Remix.run Logo
monsieurbanana 3 days ago

Specialized is probably not the word I'd use, because llms are generally useful to understand more specialized / obscure topics. For example I've never randomly heard people talking about the dicom standard, llms have no trouble with it.

phil21 3 days ago | parent | next [-]

I think there is a sweet spot for the training(?) on these LLMs where there is basically only "professional" level documentation and chatter, without the layman stuff being picked up from reddit and github/etc.

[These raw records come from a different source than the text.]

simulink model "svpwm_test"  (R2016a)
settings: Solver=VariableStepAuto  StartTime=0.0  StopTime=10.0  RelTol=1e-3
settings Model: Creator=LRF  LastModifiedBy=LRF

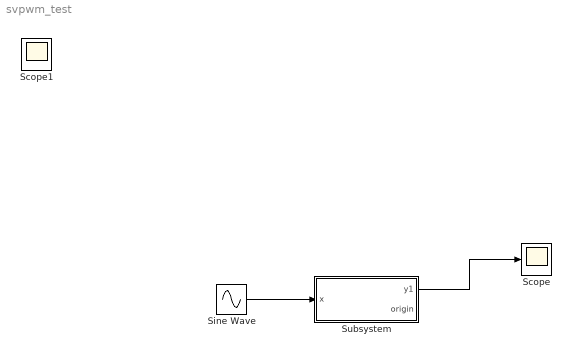
== system svpwm_test ==
  Scope : Scope
  Sine Wave : Sin  SampleTime=0
  Subsystem : Subsystem  mask{m=5, n=2}
      mask prompts: m "Gain"; n "Constant"
      mask init:
      | t=[0:0.05:1];
      | y1=sin(2*pi*t);
      | y2=m*sin(2*pi*t)+n;
      mask Display:
      | plot(t,y1);
      | plot(t,y2);
  Scope1 : Scope
  wires:
  Sine Wave/1 -> Subsystem/1(x)
  Subsystem/1(y1) -> Scope/1

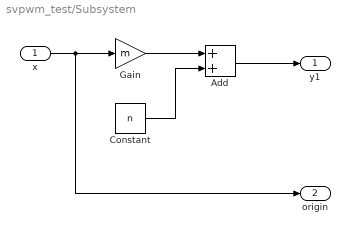
== system svpwm_test/Subsystem ==
  x : Inport
  Add : Sum
  Constant : Constant  Value=n
  Gain : Gain  Gain=m
  y1 : Outport
  origin : Outport  Port=2
  wires:
  x/1 -> origin/1, Gain/1
  Gain/1 -> Add/1
  Constant/1 -> Add/2
  Add/1 -> y1/1

I was looking at trying to remember/figure out some obscure hardware communication protocol to figure out enumeration of a hardware bus on some servers. Feeding codex a few RFC URLs and other such information, plus telling it to search the internet resulted in extremely rapid progress vs. having to wade through 500 pages of technical jargon and specification documents.

I'm sure if I was extending the spec to a 3.0 version in hardware or something it would not be useful, but for someone who just needs to understand the basics to get some quick tooling stood up it was close to magic.

i_cannot_hack 3 days ago | parent | prev | next [-]

The standard for obscurity is different for LLMs, something can be very widespread and public without the average person knowing about it. DICOM is used at practically every hospital in the world, there's whole websites dedicated to browsing the documentation, companies employ people solely for DICOM work, there's popular maintained libraries for several different languages, etc, so the LLM has an enormous amount of it in its training data.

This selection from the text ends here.